(HOW TO COMPLETE THIS TASK) Repeat exactly, and only, the lines of the entries below from the one with "#110=EDGE_CURVE('E55',#101,#109,#107,.T.);" through the one with "#133=ORIENTED_EDGE('',*,*,#132,.F.);", both ends included.

+ + +

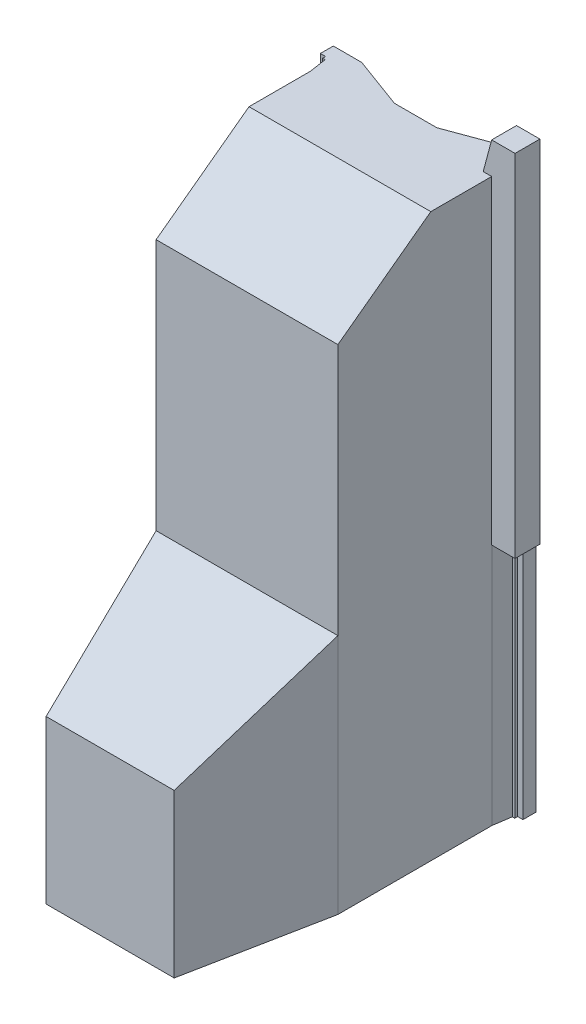
ISO-10303-21;
HEADER;
FILE_DESCRIPTION(('STEP AP214'),'2;1');
FILE_NAME('part.step','',(''),(''),'','','');
FILE_SCHEMA(('AUTOMOTIVE_DESIGN { 1 0 10303 214 1 1 1 1 }'));
ENDSEC;
DATA;
#1=APPLICATION_CONTEXT('core data for automotive mechanical design processes');
#2=APPLICATION_PROTOCOL_DEFINITION('international standard','automotive_design',2000,#1);
#3=PRODUCT_CONTEXT('',#1,'mechanical');
#4=PRODUCT('Part','Part','',(#3));
#5=PRODUCT_RELATED_PRODUCT_CATEGORY('part','',(#4));
#6=PRODUCT_DEFINITION_FORMATION('','',#4);
#7=PRODUCT_DEFINITION_CONTEXT('part definition',#1,'design');
#8=PRODUCT_DEFINITION('design','',#6,#7);
#9=PRODUCT_DEFINITION_SHAPE('','',#8);
#10=(LENGTH_UNIT() NAMED_UNIT(*) SI_UNIT(.MILLI.,.METRE.));
#11=(NAMED_UNIT(*) PLANE_ANGLE_UNIT() SI_UNIT($,.RADIAN.));
#12=(NAMED_UNIT(*) SI_UNIT($,.STERADIAN.) SOLID_ANGLE_UNIT());
#13=UNCERTAINTY_MEASURE_WITH_UNIT(LENGTH_MEASURE(1.E-05),#10,'distance_accuracy_value','');
#14=(GEOMETRIC_REPRESENTATION_CONTEXT(3) GLOBAL_UNCERTAINTY_ASSIGNED_CONTEXT((#13)) GLOBAL_UNIT_ASSIGNED_CONTEXT((#10,
#11,#12)) REPRESENTATION_CONTEXT('',''));
#15=CARTESIAN_POINT('',(0.,0.,0.));
#16=DIRECTION('',(0.,0.,1.));
#17=DIRECTION('',(1.,0.,0.));
#18=AXIS2_PLACEMENT_3D('',#15,#16,#17);
#19=CARTESIAN_POINT('',(122.,215.9978213353,1792.5));
#20=DIRECTION('',(1.,0.,0.));
#21=DIRECTION('',(0.,0.,1.));
#22=AXIS2_PLACEMENT_3D('',#19,#20,#21);
#23=PLANE('',#22);
#24=DIRECTION('',(0.,0.,1.));
#25=VECTOR('',#24,1.);
#26=CARTESIAN_POINT('',(122.,823.,1501.5));
#27=LINE('',#26,#25);
#28=CARTESIAN_POINT('',(122.,823.,1501.5));
#29=VERTEX_POINT('',#28);
#30=CARTESIAN_POINT('',(122.,823.,1616.7054502456));
#31=VERTEX_POINT('',#30);
#32=EDGE_CURVE('E11',#29,#31,#27,.T.);
#33=ORIENTED_EDGE('',*,*,#32,.T.);
#34=DIRECTION('',(0.,-0.59458300067059,0.804034237650087));
#35=VECTOR('',#34,1.);
#36=CARTESIAN_POINT('',(122.,823.,1616.7054502456));
#37=LINE('',#36,#35);
#38=CARTESIAN_POINT('',(122.,693.,1792.5));
#39=VERTEX_POINT('',#38);
#40=EDGE_CURVE('E27',#31,#39,#37,.T.);
#41=ORIENTED_EDGE('',*,*,#40,.T.);
#42=DIRECTION('',(0.,-1.,0.));
#43=VECTOR('',#42,1.);
#44=CARTESIAN_POINT('',(122.,693.,1792.5));
#45=LINE('',#44,#43);
#46=CARTESIAN_POINT('',(122.,215.9978213353,1792.5));
#47=VERTEX_POINT('',#46);
#48=EDGE_CURVE('E333',#39,#47,#45,.T.);
#49=ORIENTED_EDGE('',*,*,#48,.T.);
#50=DIRECTION('',(0.,1.,0.));
#51=VECTOR('',#50,1.);
#52=CARTESIAN_POINT('',(122.,-241.,1792.5));
#53=LINE('',#52,#51);
#54=CARTESIAN_POINT('',(122.,-241.,1792.5));
#55=VERTEX_POINT('',#54);
#56=EDGE_CURVE('E344',#55,#47,#53,.T.);
#57=ORIENTED_EDGE('',*,*,#56,.F.);
#58=DIRECTION('',(0.,0.,-1.));
#59=VECTOR('',#58,1.);
#60=CARTESIAN_POINT('',(122.,-241.,1792.5));
#61=LINE('',#60,#59);
#62=CARTESIAN_POINT('',(122.,-241.,1500.5));
#63=VERTEX_POINT('',#62);
#64=EDGE_CURVE('E249',#55,#63,#61,.T.);
#65=ORIENTED_EDGE('',*,*,#64,.T.);
#66=DIRECTION('',(0.,1.,0.));
#67=VECTOR('',#66,1.);
#68=CARTESIAN_POINT('',(122.,-241.,1500.5));
#69=LINE('',#68,#67);
#70=CARTESIAN_POINT('',(122.,219.,1500.5));
#71=VERTEX_POINT('',#70);
#72=EDGE_CURVE('E246',#63,#71,#69,.T.);
#73=ORIENTED_EDGE('',*,*,#72,.T.);
#74=DIRECTION('',(0.,0.,1.));
#75=VECTOR('',#74,1.);
#76=CARTESIAN_POINT('',(122.,219.,1500.5));
#77=LINE('',#76,#75);
#78=CARTESIAN_POINT('',(122.,219.,1501.5));
#79=VERTEX_POINT('',#78);
#80=EDGE_CURVE('E250',#71,#79,#77,.T.);
#81=ORIENTED_EDGE('',*,*,#80,.T.);
#82=DIRECTION('',(0.,-1.,0.));
#83=VECTOR('',#82,1.);
#84=CARTESIAN_POINT('',(122.,823.,1501.5));
#85=LINE('',#84,#83);
#86=EDGE_CURVE('E284',#29,#79,#85,.T.);
#87=ORIENTED_EDGE('',*,*,#86,.F.);
#88=EDGE_LOOP('',(#33,#41,#49,#57,#65,#73,#81,#87));
#89=FACE_BOUND('',#88,.T.);
#90=ADVANCED_FACE('F17',(#89),#23,.T.);
#91=CARTESIAN_POINT('',(122.,883.,1501.5));
#92=DIRECTION('',(0.,0.,1.));
#93=DIRECTION('',(1.,0.,0.));
#94=AXIS2_PLACEMENT_3D('',#91,#92,#93);
#95=PLANE('',#94);
#96=DIRECTION('',(1.,0.,0.));
#97=VECTOR('',#96,1.);
#98=CARTESIAN_POINT('',(122.,219.,1501.5));
#99=LINE('',#98,#97);
#100=CARTESIAN_POINT('',(166.25,219.,1501.5));
#101=VERTEX_POINT('',#100);
#102=EDGE_CURVE('E362',#79,#101,#99,.T.);
#103=ORIENTED_EDGE('',*,*,#102,.T.);
#104=DIRECTION('',(0.,1.,0.));
#105=VECTOR('',#104,1.);
#106=CARTESIAN_POINT('',(166.25,219.,1501.5));
#107=LINE('',#106,#105);
#108=CARTESIAN_POINT('',(166.25,883.,1501.5));
#109=VERTEX_POINT('',#108);
#110=EDGE_CURVE('E55',#101,#109,#107,.T.);
#111=ORIENTED_EDGE('',*,*,#110,.T.);
#112=DIRECTION('',(-1.,0.,0.));
#113=VECTOR('',#112,1.);
#114=CARTESIAN_POINT('',(166.25,883.,1501.5));
#115=LINE('',#114,#113);
#116=CARTESIAN_POINT('',(122.,883.,1501.5));
#117=VERTEX_POINT('',#116);
#118=EDGE_CURVE('E67',#109,#117,#115,.T.);
#119=ORIENTED_EDGE('',*,*,#118,.T.);
#120=DIRECTION('',(-0.257662650560314,-0.966234939601251,0.));
#121=VECTOR('',#120,1.);
#122=CARTESIAN_POINT('',(122.,883.,1501.5));
#123=LINE('',#122,#121);
#124=CARTESIAN_POINT('',(106.,823.,1501.5));
#125=VERTEX_POINT('',#124);
#126=EDGE_CURVE('E286',#117,#125,#123,.T.);
#127=ORIENTED_EDGE('',*,*,#126,.T.);
#128=DIRECTION('',(-1.,0.,0.));
#129=VECTOR('',#128,1.);
#130=CARTESIAN_POINT('',(122.,823.,1501.5));
#131=LINE('',#130,#129);
#132=EDGE_CURVE('E306',#29,#125,#131,.T.);
#133=ORIENTED_EDGE('',*,*,#132,.F.);
#134=ORIENTED_EDGE('',*,*,#86,.T.);
#135=EDGE_LOOP('',(#103,#111,#119,#127,#133,#134));
#136=FACE_BOUND('',#135,.T.);
#137=ADVANCED_FACE('F451',(#136),#95,.T.);
#138=CARTESIAN_POINT('',(122.,823.,1437.5));
#139=DIRECTION('',(0.,1.,0.));
#140=DIRECTION('',(0.,0.,-1.));
#141=AXIS2_PLACEMENT_3D('',#138,#139,#140);
#142=PLANE('',#141);
#143=DIRECTION('',(0.,0.,1.));
#144=VECTOR('',#143,1.);
#145=CARTESIAN_POINT('',(106.,823.,1454.5));
#146=LINE('',#145,#144);
#147=CARTESIAN_POINT('',(106.,823.,1454.5));
#148=VERTEX_POINT('',#147);
#149=EDGE_CURVE('E275',#148,#125,#146,.T.);
#150=ORIENTED_EDGE('',*,*,#149,.F.);
#151=DIRECTION('',(-1.,0.,0.));
#152=VECTOR('',#151,1.);
#153=CARTESIAN_POINT('',(141.7,823.,1454.5));
#154=LINE('',#153,#152);
#155=CARTESIAN_POINT('',(141.7,823.,1454.5));
#156=VERTEX_POINT('',#155);
#157=EDGE_CURVE('E323',#156,#148,#154,.T.);
#158=ORIENTED_EDGE('',*,*,#157,.F.);
#159=DIRECTION('',(0.,0.,-1.));
#160=VECTOR('',#159,1.);
#161=CARTESIAN_POINT('',(141.7,823.,1454.5));
#162=LINE('',#161,#160);
#163=CARTESIAN_POINT('',(141.7,823.,1437.5));
#164=VERTEX_POINT('',#163);
#165=EDGE_CURVE('E287',#156,#164,#162,.T.);
#166=ORIENTED_EDGE('',*,*,#165,.T.);
#167=DIRECTION('',(-1.,0.,0.));
#168=VECTOR('',#167,1.);
#169=CARTESIAN_POINT('',(141.7,823.,1437.5));
#170=LINE('',#169,#168);
#171=CARTESIAN_POINT('',(88.,823.,1437.5));
#172=VERTEX_POINT('',#171);
#173=EDGE_CURVE('E316',#164,#172,#170,.T.);
#174=ORIENTED_EDGE('',*,*,#173,.T.);
#175=DIRECTION('',(0.93866975951673,0.,-0.344817462679611));
#176=VECTOR('',#175,1.);
#177=CARTESIAN_POINT('',(-10.,823.,1473.5));
#178=LINE('',#177,#176);
#179=CARTESIAN_POINT('',(-10.,823.,1473.5));
#180=VERTEX_POINT('',#179);
#181=EDGE_CURVE('E312',#180,#172,#178,.T.);
#182=ORIENTED_EDGE('',*,*,#181,.F.);
#183=DIRECTION('',(1.,0.,0.));
#184=VECTOR('',#183,1.);
#185=CARTESIAN_POINT('',(-90.,823.,1473.5));
#186=LINE('',#185,#184);
#187=CARTESIAN_POINT('',(-90.,823.,1473.5));
#188=VERTEX_POINT('',#187);
#189=EDGE_CURVE('E349',#188,#180,#186,.T.);
#190=ORIENTED_EDGE('',*,*,#189,.F.);
#191=DIRECTION('',(0.93866975951673,0.,0.344817462679611));
#192=VECTOR('',#191,1.);
#193=CARTESIAN_POINT('',(-188.,823.,1437.5));
#194=LINE('',#193,#192);
#195=CARTESIAN_POINT('',(-188.,823.,1437.5));
#196=VERTEX_POINT('',#195);
#197=EDGE_CURVE('E359',#196,#188,#194,.T.);
#198=ORIENTED_EDGE('',*,*,#197,.F.);
#199=DIRECTION('',(-1.,0.,0.));
#200=VECTOR('',#199,1.);
#201=CARTESIAN_POINT('',(-188.,823.,1437.5));
#202=LINE('',#201,#200);
#203=CARTESIAN_POINT('',(-241.7,823.,1437.5));
#204=VERTEX_POINT('',#203);
#205=EDGE_CURVE('E313',#196,#204,#202,.T.);
#206=ORIENTED_EDGE('',*,*,#205,.T.);
#207=DIRECTION('',(0.,0.,1.));
#208=VECTOR('',#207,1.);
#209=CARTESIAN_POINT('',(-241.7,823.,1437.5));
#210=LINE('',#209,#208);
#211=CARTESIAN_POINT('',(-241.7,823.,1462.));
#212=VERTEX_POINT('',#211);
#213=EDGE_CURVE('E254',#204,#212,#210,.T.);
#214=ORIENTED_EDGE('',*,*,#213,.T.);
#215=DIRECTION('',(1.,0.,0.));
#216=VECTOR('',#215,1.);
#217=CARTESIAN_POINT('',(-241.7,823.,1462.));
#218=LINE('',#217,#216);
#219=CARTESIAN_POINT('',(-231.7,823.,1462.));
#220=VERTEX_POINT('',#219);
#221=EDGE_CURVE('E251',#212,#220,#218,.T.);
#222=ORIENTED_EDGE('',*,*,#221,.T.);
#223=DIRECTION('',(0.,0.,1.));
#224=VECTOR('',#223,1.);
#225=CARTESIAN_POINT('',(-231.7,823.,1462.));
#226=LINE('',#225,#224);
#227=CARTESIAN_POINT('',(-231.7,823.,1467.5));
#228=VERTEX_POINT('',#227);
#229=EDGE_CURVE('E244',#220,#228,#226,.T.);
#230=ORIENTED_EDGE('',*,*,#229,.T.);
#231=DIRECTION('',(1.,0.,0.));
#232=VECTOR('',#231,1.);
#233=CARTESIAN_POINT('',(-231.7,823.,1467.5));
#234=LINE('',#233,#232);
#235=CARTESIAN_POINT('',(-227.,823.,1467.5));
#236=VERTEX_POINT('',#235);
#237=EDGE_CURVE('E241',#228,#236,#234,.T.);
#238=ORIENTED_EDGE('',*,*,#237,.T.);
#239=DIRECTION('',(0.149805379427995,0.,0.988715504224767));
#240=VECTOR('',#239,1.);
#241=CARTESIAN_POINT('',(-227.,823.,1467.5));
#242=LINE('',#241,#240);
#243=CARTESIAN_POINT('',(-222.,823.,1500.5));
#244=VERTEX_POINT('',#243);
#245=EDGE_CURVE('E245',#236,#244,#242,.T.);
#246=ORIENTED_EDGE('',*,*,#245,.T.);
#247=DIRECTION('',(0.,0.,1.));
#248=VECTOR('',#247,1.);
#249=CARTESIAN_POINT('',(-222.,823.,1500.5));
#250=LINE('',#249,#248);
#251=CARTESIAN_POINT('',(-222.,823.,1616.7054502456));
#252=VERTEX_POINT('',#251);
#253=EDGE_CURVE('E308',#244,#252,#250,.T.);
#254=ORIENTED_EDGE('',*,*,#253,.T.);
#255=DIRECTION('',(-1.,0.,0.));
#256=VECTOR('',#255,1.);
#257=CARTESIAN_POINT('',(122.,823.,1616.7054502456));
#258=LINE('',#257,#256);
#259=EDGE_CURVE('E309',#31,#252,#258,.T.);
#260=ORIENTED_EDGE('',*,*,#259,.F.);
#261=ORIENTED_EDGE('',*,*,#32,.F.);
#262=ORIENTED_EDGE('',*,*,#132,.T.);
#263=EDGE_LOOP('',(#150,#158,#166,#174,#182,#190,#198,#206,#214,#222,#230,#238,#246,#254,#260,
#261,#262));
#264=FACE_BOUND('',#263,.T.);
#265=ADVANCED_FACE('F457',(#264),#142,.T.);
#266=CARTESIAN_POINT('',(122.,823.,1616.7054502456));
#267=DIRECTION('',(0.,0.804034237650087,0.59458300067059));
#268=DIRECTION('',(-1.,0.,0.));
#269=AXIS2_PLACEMENT_3D('',#266,#267,#268);
#270=PLANE('',#269);
#271=ORIENTED_EDGE('',*,*,#259,.T.);
#272=DIRECTION('',(0.,-0.59458300067059,0.804034237650087));
#273=VECTOR('',#272,1.);
#274=CARTESIAN_POINT('',(-222.,823.,1616.7054502456));
#275=LINE('',#274,#273);
#276=CARTESIAN_POINT('',(-222.,693.,1792.5));
#277=VERTEX_POINT('',#276);
#278=EDGE_CURVE('E262',#252,#277,#275,.T.);
#279=ORIENTED_EDGE('',*,*,#278,.T.);
#280=DIRECTION('',(-1.,0.,0.));
#281=VECTOR('',#280,1.);
#282=CARTESIAN_POINT('',(122.,693.,1792.5));
#283=LINE('',#282,#281);
#284=EDGE_CURVE('E260',#39,#277,#283,.T.);
#285=ORIENTED_EDGE('',*,*,#284,.F.);
#286=ORIENTED_EDGE('',*,*,#40,.F.);
#287=EDGE_LOOP('',(#271,#279,#285,#286));
#288=FACE_BOUND('',#287,.T.);
#289=ADVANCED_FACE('F475',(#288),#270,.T.);
#290=CARTESIAN_POINT('',(122.,693.,1792.5));
#291=DIRECTION('',(0.,0.,1.));
#292=DIRECTION('',(1.,0.,0.));
#293=AXIS2_PLACEMENT_3D('',#290,#291,#292);
#294=PLANE('',#293);
#295=ORIENTED_EDGE('',*,*,#284,.T.);
#296=DIRECTION('',(0.,-1.,0.));
#297=VECTOR('',#296,1.);
#298=CARTESIAN_POINT('',(-222.,693.,1792.5));
#299=LINE('',#298,#297);
#300=CARTESIAN_POINT('',(-222.,215.9978213353,1792.5));
#301=VERTEX_POINT('',#300);
#302=EDGE_CURVE('E263',#277,#301,#299,.T.);
#303=ORIENTED_EDGE('',*,*,#302,.T.);
#304=DIRECTION('',(-1.,0.,0.));
#305=VECTOR('',#304,1.);
#306=CARTESIAN_POINT('',(122.,215.9978213353,1792.5));
#307=LINE('',#306,#305);
#308=EDGE_CURVE('E318',#47,#301,#307,.T.);
#309=ORIENTED_EDGE('',*,*,#308,.F.);
#310=ORIENTED_EDGE('',*,*,#48,.F.);
#311=EDGE_LOOP('',(#295,#303,#309,#310));
#312=FACE_BOUND('',#311,.T.);
#313=ADVANCED_FACE('F478',(#312),#294,.T.);
#314=CARTESIAN_POINT('',(122.,215.9978213353,1792.5));
#315=DIRECTION('',(0.,0.866025403784429,0.500000000000017));
#316=DIRECTION('',(-1.,0.,0.));
#317=AXIS2_PLACEMENT_3D('',#314,#315,#316);
#318=PLANE('',#317);
#319=ORIENTED_EDGE('',*,*,#308,.T.);
#320=DIRECTION('',(0.167535186445604,-0.49293304852251,0.853785084770718));
#321=VECTOR('',#320,1.);
#322=CARTESIAN_POINT('',(-222.,215.9978213353,1792.5));
#323=LINE('',#322,#321);
#324=CARTESIAN_POINT('',(-171.1773584906,66.4641016151002,2051.5));
#325=VERTEX_POINT('',#324);
#326=EDGE_CURVE('E228',#301,#325,#323,.T.);
#327=ORIENTED_EDGE('',*,*,#326,.T.);
#328=DIRECTION('',(-1.,0.,0.));
#329=VECTOR('',#328,1.);
#330=CARTESIAN_POINT('',(71.1773584906,66.4641016151002,2051.5));
#331=LINE('',#330,#329);
#332=CARTESIAN_POINT('',(71.1773584906,66.4641016151002,2051.5));
#333=VERTEX_POINT('',#332);
#334=EDGE_CURVE('E216',#333,#325,#331,.T.);
#335=ORIENTED_EDGE('',*,*,#334,.F.);
#336=DIRECTION('',(-0.167535186445604,-0.49293304852251,0.853785084770718));
#337=VECTOR('',#336,1.);
#338=CARTESIAN_POINT('',(122.,215.9978213353,1792.5));
#339=LINE('',#338,#337);
#340=EDGE_CURVE('E346',#47,#333,#339,.T.);
#341=ORIENTED_EDGE('',*,*,#340,.F.);
#342=EDGE_LOOP('',(#319,#327,#335,#341));
#343=FACE_BOUND('',#342,.T.);
#344=ADVANCED_FACE('F432',(#343),#318,.T.);
#345=CARTESIAN_POINT('',(71.1773584906,-241.,2051.5));
#346=DIRECTION('',(-0.981286320481883,0.,-0.192554296849297));
#347=DIRECTION('',(-0.192554296849297,0.,0.981286320481883));
#348=AXIS2_PLACEMENT_3D('',#345,#346,#347);
#349=PLANE('',#348);
#350=DIRECTION('',(0.,-1.,0.));
#351=VECTOR('',#350,1.);
#352=CARTESIAN_POINT('',(71.1773584906,66.4641016151002,2051.5));
#353=LINE('',#352,#351);
#354=CARTESIAN_POINT('',(71.1773584906,-241.,2051.5));
#355=VERTEX_POINT('',#354);
#356=EDGE_CURVE('E276',#333,#355,#353,.T.);
#357=ORIENTED_EDGE('',*,*,#356,.T.);
#358=DIRECTION('',(0.192554296849297,0.,-0.981286320481883));
#359=VECTOR('',#358,1.);
#360=CARTESIAN_POINT('',(71.1773584906,-241.,2051.5));
#361=LINE('',#360,#359);
#362=EDGE_CURVE('E279',#355,#55,#361,.T.);
#363=ORIENTED_EDGE('',*,*,#362,.T.);
#364=ORIENTED_EDGE('',*,*,#56,.T.);
#365=ORIENTED_EDGE('',*,*,#340,.T.);
#366=EDGE_LOOP('',(#357,#363,#364,#365));
#367=FACE_BOUND('',#366,.T.);
#368=ADVANCED_FACE('F436',(#367),#349,.F.);
#369=CARTESIAN_POINT('',(122.,-241.,2051.5));
#370=DIRECTION('',(0.,-1.,0.));
#371=DIRECTION('',(1.,0.,0.));
#372=AXIS2_PLACEMENT_3D('',#369,#370,#371);
#373=PLANE('',#372);
#374=DIRECTION('',(1.,0.,0.));
#375=VECTOR('',#374,1.);
#376=CARTESIAN_POINT('',(-160.7777777778,-241.,1447.5));
#377=LINE('',#376,#375);
#378=CARTESIAN_POINT('',(-160.7777777778,-241.,1447.5));
#379=VERTEX_POINT('',#378);
#380=CARTESIAN_POINT('',(60.7777777778,-241.,1447.5));
#381=VERTEX_POINT('',#380);
#382=EDGE_CURVE('E366',#379,#381,#377,.T.);
#383=ORIENTED_EDGE('',*,*,#382,.T.);
#384=DIRECTION('',(0.93866975951673,0.,-0.344817462679611));
#385=VECTOR('',#384,1.);
#386=CARTESIAN_POINT('',(60.7777777778,-241.,1447.5));
#387=LINE('',#386,#385);
#388=CARTESIAN_POINT('',(88.,-241.,1437.5));
#389=VERTEX_POINT('',#388);
#390=EDGE_CURVE('E368',#381,#389,#387,.T.);
#391=ORIENTED_EDGE('',*,*,#390,.T.);
#392=DIRECTION('',(1.,0.,0.));
#393=VECTOR('',#392,1.);
#394=CARTESIAN_POINT('',(88.,-241.,1437.5));
#395=LINE('',#394,#393);
#396=CARTESIAN_POINT('',(141.7,-241.,1437.5));
#397=VERTEX_POINT('',#396);
#398=EDGE_CURVE('E354',#389,#397,#395,.T.);
#399=ORIENTED_EDGE('',*,*,#398,.T.);
#400=DIRECTION('',(0.,0.,-1.));
#401=VECTOR('',#400,1.);
#402=CARTESIAN_POINT('',(141.7,-241.,1462.));
#403=LINE('',#402,#401);
#404=CARTESIAN_POINT('',(141.7,-241.,1462.));
#405=VERTEX_POINT('',#404);
#406=EDGE_CURVE('E334',#405,#397,#403,.T.);
#407=ORIENTED_EDGE('',*,*,#406,.F.);
#408=DIRECTION('',(1.,0.,0.));
#409=VECTOR('',#408,1.);
#410=CARTESIAN_POINT('',(131.7,-241.,1462.));
#411=LINE('',#410,#409);
#412=CARTESIAN_POINT('',(131.7,-241.,1462.));
#413=VERTEX_POINT('',#412);
#414=EDGE_CURVE('E337',#413,#405,#411,.T.);
#415=ORIENTED_EDGE('',*,*,#414,.F.);
#416=DIRECTION('',(0.,0.,-1.));
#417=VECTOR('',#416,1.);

+ + +

(TASK SOLUTION)
#110=EDGE_CURVE('E55',#101,#109,#107,.T.);
#111=ORIENTED_EDGE('',*,*,#110,.T.);
#112=DIRECTION('',(-1.,0.,0.));
#113=VECTOR('',#112,1.);
#114=CARTESIAN_POINT('',(166.25,883.,1501.5));
#115=LINE('',#114,#113);
#116=CARTESIAN_POINT('',(122.,883.,1501.5));
#117=VERTEX_POINT('',#116);
#118=EDGE_CURVE('E67',#109,#117,#115,.T.);
#119=ORIENTED_EDGE('',*,*,#118,.T.);
#120=DIRECTION('',(-0.257662650560314,-0.966234939601251,0.));
#121=VECTOR('',#120,1.);
#122=CARTESIAN_POINT('',(122.,883.,1501.5));
#123=LINE('',#122,#121);
#124=CARTESIAN_POINT('',(106.,823.,1501.5));
#125=VERTEX_POINT('',#124);
#126=EDGE_CURVE('E286',#117,#125,#123,.T.);
#127=ORIENTED_EDGE('',*,*,#126,.T.);
#128=DIRECTION('',(-1.,0.,0.));
#129=VECTOR('',#128,1.);
#130=CARTESIAN_POINT('',(122.,823.,1501.5));
#131=LINE('',#130,#129);
#132=EDGE_CURVE('E306',#29,#125,#131,.T.);
#133=ORIENTED_EDGE('',*,*,#132,.F.);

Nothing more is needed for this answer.